Eutanásia: Uma ponderação sobre sua ilegalidade

Por Débora Brito | 18/07/2009 | Direito

Título: Eutanásia

Autora: Débora Brito de Oliveira

Atividades exercidas: Bacharel em Direito, pós graduanda em Ciências Penais

"Eutanásia (do grego ευθανασία - ευ "bom", θάνατος thanatos -"morte") é a prática pela qual se abrevia a vida de um enfermo incurável de maneira controlada e assistida por um especialista."[1] (WIKIPÉDIA). Da definição literal da palavra temos que eutanásia é a boa morte.

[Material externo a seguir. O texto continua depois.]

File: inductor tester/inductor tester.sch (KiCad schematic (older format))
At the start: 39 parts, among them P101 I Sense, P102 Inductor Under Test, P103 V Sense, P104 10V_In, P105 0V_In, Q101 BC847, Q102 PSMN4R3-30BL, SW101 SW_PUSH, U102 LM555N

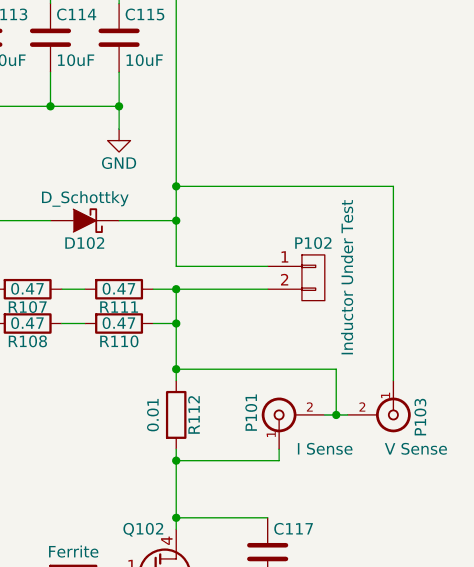
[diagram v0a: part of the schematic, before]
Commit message: Added notes on exporting, saved PCB as ordered.
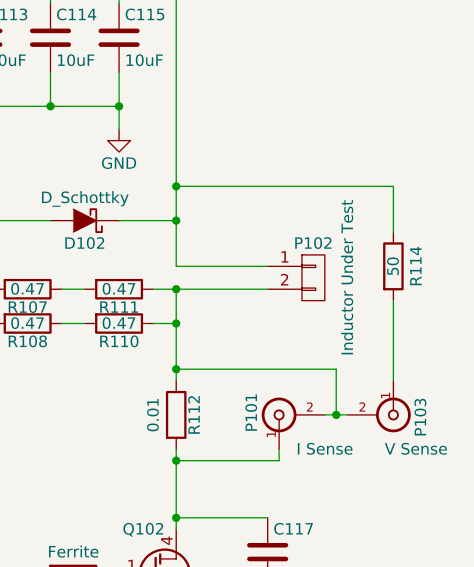
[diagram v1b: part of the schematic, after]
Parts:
- added R114: 50, Resistors_SMD:R_0805_HandSoldering, symbol R
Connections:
- net VCC: now also R114.1; no longer P103.1 (In)
- new net: P103.1 (In), R114.2
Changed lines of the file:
@@
 $EndComp
 $Comp
-L GND #PWR01
+L GND #PWR113
 U 1 1 571D57D3
 P 7350 5600
-F 0 "#PWR01" H 7350 5350 50  0001 C CNN
+F 0 "#PWR113" H 7350 5350 50  0001 C CNN
 F 1 "GND" H 7350 5450 50  0000 C CNN
 F 2 "" H 7350 5600 50  0000 C CNN
@@
 $EndComp
 $Comp
-L GND #PWR02
+L GND #PWR114
 U 1 1 571D8329
 P 8150 2800
-F 0 "#PWR02" H 8150 2550 50  0001 C CNN
+F 0 "#PWR114" H 8150 2550 50  0001 C CNN
 F 1 "GND" H 8150 2650 50  0000 C CNN
 F 2 "" H 8150 2800 50  0000 C CNN
@@
 $EndComp
 $Comp
-L GND #PWR03
+L GND #PWR102
 U 1 1 571DCF93
 P 4300 3800
-F 0 "#PWR03" H 4300 3550 50  0001 C CNN
+F 0 "#PWR102" H 4300 3550 50  0001 C CNN
 F 1 "GND" H 4300 3650 50  0000 C CNN
 F 2 "" H 4300 3800 50  0000 C CNN
@@
 $EndComp
 $Comp
-L GND #PWR04
+L GND #PWR110
 U 1 1 571DD8DF
 P 6500 5600
-F 0 "#PWR04" H 6500 5350 50  0001 C CNN
+F 0 "#PWR110" H 6500 5350 50  0001 C CNN
 F 1 "GND" H 6500 5450 50  0000 C CNN
 F 2 "" H 6500 5600 50  0000 C CNN
@@
 $EndComp
 $Comp
-L VCC #PWR05
+L VCC #PWR111
 U 1 1 571DF26F
 P 6950 3050
-F 0 "#PWR05" H 6950 2900 50  0001 C CNN
+F 0 "#PWR111" H 6950 2900 50  0001 C CNN
 F 1 "VCC" H 6950 3200 50  0000 C CNN
 F 2 "" H 6950 3050 50  0000 C CNN
@@
 $EndComp
 $Comp
-L VCC #PWR06
+L VCC #PWR107
 U 1 1 571DF3CD
 P 5150 3050
-F 0 "#PWR06" H 5150 2900 50  0001 C CNN
+F 0 "#PWR107" H 5150 2900 50  0001 C CNN
 F 1 "VCC" H 5150 3200 50  0000 C CNN
 F 2 "" H 5150 3050 50  0000 C CNN
@@
 $EndComp
 $Comp
-L VCC #PWR07
+L VCC #PWR105
 U 1 1 571DF44D
 P 4800 4600
-F 0 "#PWR07" H 4800 4450 50  0001 C CNN
+F 0 "#PWR105" H 4800 4450 50  0001 C CNN
 F 1 "VCC" H 4800 4750 50  0000 C CNN
 F 2 "" H 4800 4600 50  0000 C CNN
@@
 $EndComp
 $Comp
-L VCC #PWR08
+L VCC #PWR109
 U 1 1 571DF73B
 P 6500 4500
-F 0 "#PWR08" H 6500 4350 50  0001 C CNN
+F 0 "#PWR109" H 6500 4350 50  0001 C CNN
 F 1 "VCC" H 6500 4650 50  0000 C CNN
 F 2 "" H 6500 4500 50  0000 C CNN
@@
 Wire Wire Line
 	9100 3850 9100 4050
-Wire Wire Line
-	9350 3050 9350 3900
 Wire Wire Line
 	8800 4800 8800 4800
@@
 $EndComp
 $Comp
-L GND #PWR09
+L GND #PWR112
 U 1 1 571DFB52
 P 6950 4600
-F 0 "#PWR09" H 6950 4350 50  0001 C CNN
+F 0 "#PWR112" H 6950 4350 50  0001 C CNN
 F 1 "GND" H 6950 4450 50  0000 C CNN
 F 2 "" H 6950 4600 50  0000 C CNN
@@
 	5250 3850 5250 4000
 $Comp
-L GND #PWR010
+L GND #PWR108
 U 1 1 571E0244
 P 5250 4450
-F 0 "#PWR010" H 5250 4200 50  0001 C CNN
+F 0 "#PWR108" H 5250 4200 50  0001 C CNN
 F 1 "GND" H 5250 4300 50  0000 C CNN
 F 2 "" H 5250 4450 50  0000 C CNN
@@
 Pulse Width
 $Comp
-L GND #PWR011
+L GND #PWR106
 U 1 1 571E729D
 P 4800 5600
-F 0 "#PWR011" H 4800 5350 50  0001 C CNN
+F 0 "#PWR106" H 4800 5350 50  0001 C CNN
 F 1 "GND" H 4800 5450 50  0000 C CNN
 F 2 "" H 4800 5600 50  0000 C CNN
@@
 $EndComp
 $Comp
-L VCC #PWR012
+L VCC #PWR101
 U 1 1 571E79B0
 P 3950 2150
-F 0 "#PWR012" H 3950 2000 50  0001 C CNN
+F 0 "#PWR101" H 3950 2000 50  0001 C CNN
 F 1 "VCC" H 3950 2300 50  0000 C CNN
 F 2 "" H 3950 2150 50  0000 C CNN
@@
 $EndComp
 $Comp
-L VCC #PWR013
+L VCC #PWR103
 U 1 1 571E7BC6
 P 4300 4600
-F 0 "#PWR013" H 4300 4450 50  0001 C CNN
+F 0 "#PWR103" H 4300 4450 50  0001 C CNN
 F 1 "VCC" H 4300 4750 50  0000 C CNN
 F 2 "" H 4300 4600 50  0000 C CNN
@@
 $EndComp
 $Comp
-L GND #PWR014
+L GND #PWR104
 U 1 1 571E7C85
 P 4300 5200
-F 0 "#PWR014" H 4300 4950 50  0001 C CNN
+F 0 "#PWR104" H 4300 4950 50  0001 C CNN
 F 1 "GND" H 4300 5050 50  0000 C CNN
 F 2 "" H 4300 5200 50  0000 C CNN
@@
 Wire Wire Line
 	8000 3650 7900 3650
+$Comp
+L R R114
+U 1 1 5721D0F3
+P 9350 3400
+F 0 "R114" V 9450 3400 50  0000 C CNN
+F 1 "50" V 9350 3400 50  0000 C CNN
+F 2 "Resistors_SMD:R_0805_HandSoldering" V 9280 3400 50  0001 C CNN
+F 3 "" H 9350 3400 50  0000 C CNN
+	1    9350 3400
+	1    0    0    -1
+$EndComp
+Wire Wire Line
+	9350 3050 9350 3250
+Wire Wire Line
+	9350 3550 9350 3900
 $EndSCHEMATC

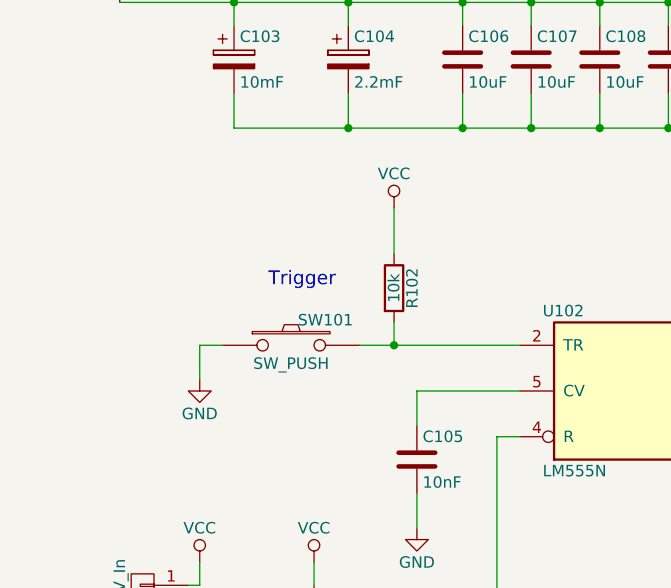
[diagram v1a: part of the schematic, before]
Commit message: PCB v2 - several changes:
  * Fixed reset issue that caused current limit oscillation
  * Switched 555 to an easier-to-solder footprint
  * Better silkscreen labelling
  * Improved BNC footprints to accept wider variety of connectors
  * Thermal relief for through hole pads
  * Added OSHW logo
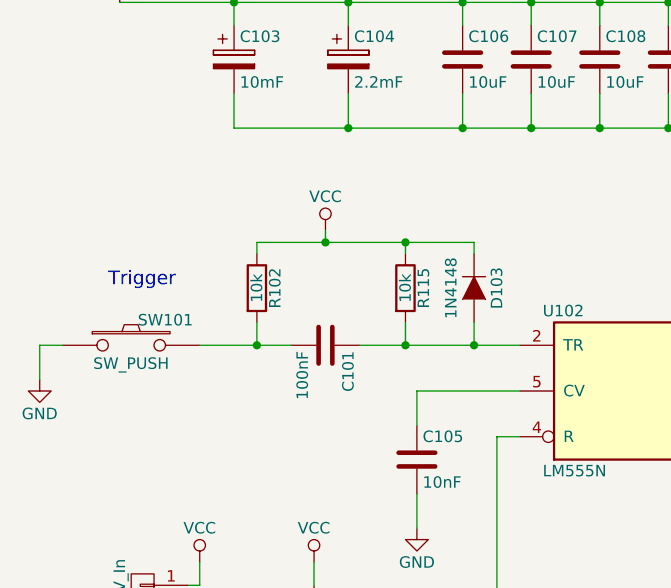
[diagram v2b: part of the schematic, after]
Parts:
- added C101: 100nF, Capacitors_SMD:C_0805_HandSoldering, symbol C
- added D103: 1N4148, Diodes_SMD:MiniMELF_Standard, symbol D
- added R115: 10k, Resistors_SMD:R_0805_HandSoldering, symbol R
- U102: footprint Housings_SSOP:TSSOP-8_4.4x3mm_Pitch0.65mm -> Housings_SOIC:SOIJ-8_5.3x5.3mm_Pitch1.27mm
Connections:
- net VCC: now also D103.1 (K), R115.1
- net at R102.2, SW101.2: now also C101.2; no longer U102.2 (TR)
- new net: C101.1, D103.2 (A), R115.2, U102.2 (TR)
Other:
- moved on the sheet: R102, SW101
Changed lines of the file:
@@
 $EndComp
 $Comp
-L GND #PWR113
+L GND #PWR01
 U 1 1 571D57D3
 P 7350 5600
-F 0 "#PWR113" H 7350 5350 50  0001 C CNN
+F 0 "#PWR01" H 7350 5350 50  0001 C CNN
 F 1 "GND" H 7350 5450 50  0000 C CNN
 F 2 "" H 7350 5600 50  0000 C CNN
@@
 F 0 "U102" H 5800 4200 50  0000 L CNN
 F 1 "LM555N" H 5800 3500 50  0000 L CNN
-F 2 "Housings_SSOP:TSSOP-8_4.4x3mm_Pitch0.65mm" H 6200 3850 50  0001 C CNN
+F 2 "Housings_SOIC:SOIJ-8_5.3x5.3mm_Pitch1.27mm" H 6200 3850 50  0001 C CNN
 F 3 "" H 6200 3850 50  0000 C CNN
 	1    6200 3850
@@
 $EndComp
 $Comp
-L GND #PWR114
+L GND #PWR02
 U 1 1 571D8329
 P 8150 2800
-F 0 "#PWR114" H 8150 2550 50  0001 C CNN
+F 0 "#PWR02" H 8150 2550 50  0001 C CNN
 F 1 "GND" H 8150 2650 50  0000 C CNN
 F 2 "" H 8150 2800 50  0000 C CNN
@@
 L R R102
 U 1 1 571DCF0A
-P 5150 3400
-F 0 "R102" V 5230 3400 50  0000 C CNN
-F 1 "10k" V 5150 3400 50  0000 C CNN
-F 2 "Resistors_SMD:R_0805_HandSoldering" V 5080 3400 50  0001 C CNN
-F 3 "" H 5150 3400 50  0000 C CNN
-	1    5150 3400
-	1    0    0    -1
-$EndComp
-$Comp
-L GND #PWR102
+P 4550 3400
+F 0 "R102" V 4630 3400 50  0000 C CNN
+F 1 "10k" V 4550 3400 50  0000 C CNN
+F 2 "Resistors_SMD:R_0805_HandSoldering" V 4480 3400 50  0001 C CNN
+F 3 "" H 4550 3400 50  0000 C CNN
+	1    4550 3400
+	1    0    0    -1
+$EndComp
+$Comp
+L GND #PWR03
 U 1 1 571DCF93
-P 4300 3800
-F 0 "#PWR102" H 4300 3550 50  0001 C CNN
-F 1 "GND" H 4300 3650 50  0000 C CNN
-F 2 "" H 4300 3800 50  0000 C CNN
-F 3 "" H 4300 3800 50  0000 C CNN
-	1    4300 3800
+P 3600 3800
+F 0 "#PWR03" H 3600 3550 50  0001 C CNN
+F 1 "GND" H 3600 3650 50  0000 C CNN
+F 2 "" H 3600 3800 50  0000 C CNN
+F 3 "" H 3600 3800 50  0000 C CNN
+	1    3600 3800
 	1    0    0    -1
 $EndComp
@@
 $EndComp
 $Comp
-L GND #PWR110
+L GND #PWR04
 U 1 1 571DD8DF
 P 6500 5600
-F 0 "#PWR110" H 6500 5350 50  0001 C CNN
+F 0 "#PWR04" H 6500 5350 50  0001 C CNN
 F 1 "GND" H 6500 5450 50  0000 C CNN
 F 2 "" H 6500 5600 50  0000 C CNN
@@
 $EndComp
 $Comp
-L VCC #PWR111
+L VCC #PWR05
 U 1 1 571DF26F
 P 6950 3050
-F 0 "#PWR111" H 6950 2900 50  0001 C CNN
+F 0 "#PWR05" H 6950 2900 50  0001 C CNN
 F 1 "VCC" H 6950 3200 50  0000 C CNN
 F 2 "" H 6950 3050 50  0000 C CNN
@@
 $EndComp
 $Comp
-L VCC #PWR107
+L VCC #PWR06
 U 1 1 571DF3CD
-P 5150 3050
-F 0 "#PWR107" H 5150 2900 50  0001 C CNN
-F 1 "VCC" H 5150 3200 50  0000 C CNN
-F 2 "" H 5150 3050 50  0000 C CNN
-F 3 "" H 5150 3050 50  0000 C CNN
-	1    5150 3050
-	1    0    0    -1
-$EndComp
-$Comp
-L VCC #PWR105
+P 4850 3150
+F 0 "#PWR06" H 4850 3000 50  0001 C CNN
+F 1 "VCC" H 4850 3300 50  0000 C CNN
+F 2 "" H 4850 3150 50  0000 C CNN
+F 3 "" H 4850 3150 50  0000 C CNN
+	1    4850 3150
+	1    0    0    -1
+$EndComp
+$Comp
+L VCC #PWR07
 U 1 1 571DF44D
 P 4800 4600
-F 0 "#PWR105" H 4800 4450 50  0001 C CNN
+F 0 "#PWR07" H 4800 4450 50  0001 C CNN
 F 1 "VCC" H 4800 4750 50  0000 C CNN
 F 2 "" H 4800 4600 50  0000 C CNN
@@
 $EndComp
 $Comp
-L VCC #PWR109
+L VCC #PWR08
 U 1 1 571DF73B
 P 6500 4500
-F 0 "#PWR109" H 6500 4350 50  0001 C CNN
+F 0 "#PWR08" H 6500 4350 50  0001 C CNN
 F 1 "VCC" H 6500 4650 50  0000 C CNN
 F 2 "" H 6500 4500 50  0000 C CNN
@@
 	6950 4050 6700 4050
 Wire Wire Line
-	4300 3800 4300 3650
-Wire Wire Line
-	4300 3650 4400 3650
-Wire Wire Line
-	5000 3650 5700 3650
-Wire Wire Line
-	5150 3650 5150 3550
-Connection ~ 5150 3650
+	3600 3800 3600 3650
+Wire Wire Line
+	3600 3650 3700 3650
+Wire Wire Line
+	4300 3650 4700 3650
+Wire Wire Line
+	4550 3650 4550 3550
+Connection ~ 4550 3650
 Wire Wire Line
 	6950 3050 6950 3100
@@
 $EndComp
 $Comp
-L GND #PWR112
+L GND #PWR09
 U 1 1 571DFB52
 P 6950 4600
-F 0 "#PWR112" H 6950 4350 50  0001 C CNN
+F 0 "#PWR09" H 6950 4350 50  0001 C CNN
 F 1 "GND" H 6950 4450 50  0000 C CNN
 F 2 "" H 6950 4600 50  0000 C CNN
@@
 Connection ~ 6950 3850
 Connection ~ 6950 4050
-Wire Wire Line
-	5150 3050 5150 3250
 $Comp
 L C C105
@@
 	5250 3850 5250 4000
 $Comp
-L GND #PWR108
+L GND #PWR010
 U 1 1 571E0244
 P 5250 4450
-F 0 "#PWR108" H 5250 4200 50  0001 C CNN
+F 0 "#PWR010" H 5250 4200 50  0001 C CNN
 F 1 "GND" H 5250 4300 50  0000 C CNN
 F 2 "" H 5250 4450 50  0000 C CNN
@@
 Text Notes 6650 5350 0    60   ~ 0
 Current limit
-Text Notes 4600 3400 0    60   ~ 0
+Text Notes 3900 3400 0    60   ~ 0
 Trigger
 Text Notes 7150 3550 3    60   ~ 0
 Pulse Width
 $Comp
-L GND #PWR106
+L GND #PWR011
 U 1 1 571E729D
 P 4800 5600
-F 0 "#PWR106" H 4800 5350 50  0001 C CNN
+F 0 "#PWR011" H 4800 5350 50  0001 C CNN
 F 1 "GND" H 4800 5450 50  0000 C CNN
 F 2 "" H 4800 5600 50  0000 C CNN
@@
 $EndComp
 $Comp
-L VCC #PWR101
+L VCC #PWR012
 U 1 1 571E79B0
 P 3950 2150
-F 0 "#PWR101" H 3950 2000 50  0001 C CNN
+F 0 "#PWR012" H 3950 2000 50  0001 C CNN
 F 1 "VCC" H 3950 2300 50  0000 C CNN
 F 2 "" H 3950 2150 50  0000 C CNN
@@
 $EndComp
 $Comp
-L VCC #PWR103
+L VCC #PWR013
 U 1 1 571E7BC6
 P 4300 4600
-F 0 "#PWR103" H 4300 4450 50  0001 C CNN
+F 0 "#PWR013" H 4300 4450 50  0001 C CNN
 F 1 "VCC" H 4300 4750 50  0000 C CNN
 F 2 "" H 4300 4600 50  0000 C CNN
@@
 $EndComp
 $Comp
-L GND #PWR104
+L GND #PWR014
 U 1 1 571E7C85
 P 4300 5200
-F 0 "#PWR104" H 4300 4950 50  0001 C CNN
+F 0 "#PWR014" H 4300 4950 50  0001 C CNN
 F 1 "GND" H 4300 5050 50  0000 C CNN
 F 2 "" H 4300 5200 50  0000 C CNN
@@
 L SW_PUSH SW101
 U 1 1 571E9617
-P 4700 3650
-F 0 "SW101" H 4850 3760 50  0000 C CNN
-F 1 "SW_PUSH" H 4700 3570 50  0000 C CNN
-F 2 "momentary_button:momentary_tactile_6x6x4" H 4700 3650 50  0001 C CNN
-F 3 "" H 4700 3650 50  0000 C CNN
-	1    4700 3650
+P 4000 3650
+F 0 "SW101" H 4150 3760 50  0000 C CNN
+F 1 "SW_PUSH" H 4000 3570 50  0000 C CNN
+F 2 "momentary_button:momentary_tactile_6x6x4" H 4000 3650 50  0001 C CNN
+F 3 "" H 4000 3650 50  0000 C CNN
+	1    4000 3650
 	1    0    0    -1
 $EndComp
@@
 Wire Wire Line
 	9350 3550 9350 3900
+$Comp
+L C C101
+U 1 1 574BFB7A
+P 4850 3650
+F 0 "C101" H 4875 3750 50  0000 L CNN
+F 1 "100nF" H 4875 3550 50  0000 L CNN
+F 2 "Capacitors_SMD:C_0805_HandSoldering" H 4888 3500 50  0001 C CNN
+F 3 "" H 4850 3650 50  0000 C CNN
+	1    4850 3650
+	0    1    1    0
+$EndComp
+Wire Wire Line
+	5000 3650 5700 3650
+$Comp
+L R R115
+U 1 1 574BFDAE
+P 5200 3400
+F 0 "R115" V 5280 3400 50  0000 C CNN
+F 1 "10k" V 5200 3400 50  0000 C CNN
+F 2 "Resistors_SMD:R_0805_HandSoldering" V 5130 3400 50  0001 C CNN
+F 3 "" H 5200 3400 50  0000 C CNN
+	1    5200 3400
+	1    0    0    -1
+$EndComp
+Wire Wire Line
+	5200 3550 5200 3650
+Connection ~ 5200 3650
+$Comp
+L D D103
+U 1 1 574C01DF
+P 5500 3400
+F 0 "D103" H 5500 3500 50  0000 C CNN
+F 1 "1N4148" H 5500 3300 50  0000 C CNN
+F 2 "Diodes_SMD:MiniMELF_Standard" H 5500 3400 50  0001 C CNN
+F 3 "" H 5500 3400 50  0000 C CNN
+	1    5500 3400
+	0    1    1    0
+$EndComp
+Wire Wire Line
+	5500 3550 5500 3650
+Connection ~ 5500 3650
+Wire Wire Line
+	5500 3200 5500 3250
+Wire Wire Line
+	4550 3200 5500 3200
+Wire Wire Line
+	4850 3200 4850 3150
+Wire Wire Line
+	5200 3250 5200 3200
+Connection ~ 5200 3200
+Wire Wire Line
+	4550 3200 4550 3250
+Connection ~ 4850 3200
 $EndSCHEMATC

Existem várias classificações para eutanásia, a que achei mais abrangente e que me ajudou a chegar a uma conclusão sobre o assunto é a dada por GOLDIM[2]:

Quanto ao tipo de ação:

* Eutanásia ativa: o ato deliberado de provocar a morte sem sofrimento do paciente, por fins misericordiosos.

* Eutanásia passiva ou indireta: a morte do paciente ocorre, dentro de uma situação de terminalidade, ou porque não se inicia uma ação médica ou pela interrupção de uma medida extraordinária, com o objetivo de minorar o sofrimento.

* Eutanásia de duplo efeito: quando a morte é acelerada como uma conseqüencia indireta das ações médicas que são executadas visando o alívio do sofrimento de um paciente terminal.

Quanto ao consentimento do paciente:

* Eutanásia voluntária: quando a morte é provocada atendendo a uma vontade do paciente.

* Eutanásia involuntária: quando a morte é provocada contra a vontade do paciente.

* Eutanásia não voluntária: quando a morte é provocada sem que o paciente tivesse manifestado sua posição em relação a ela.

Há ainda a diferenciação em 3 modalidades: libertadora, piedosa e a morte econômica ou eugênica[3].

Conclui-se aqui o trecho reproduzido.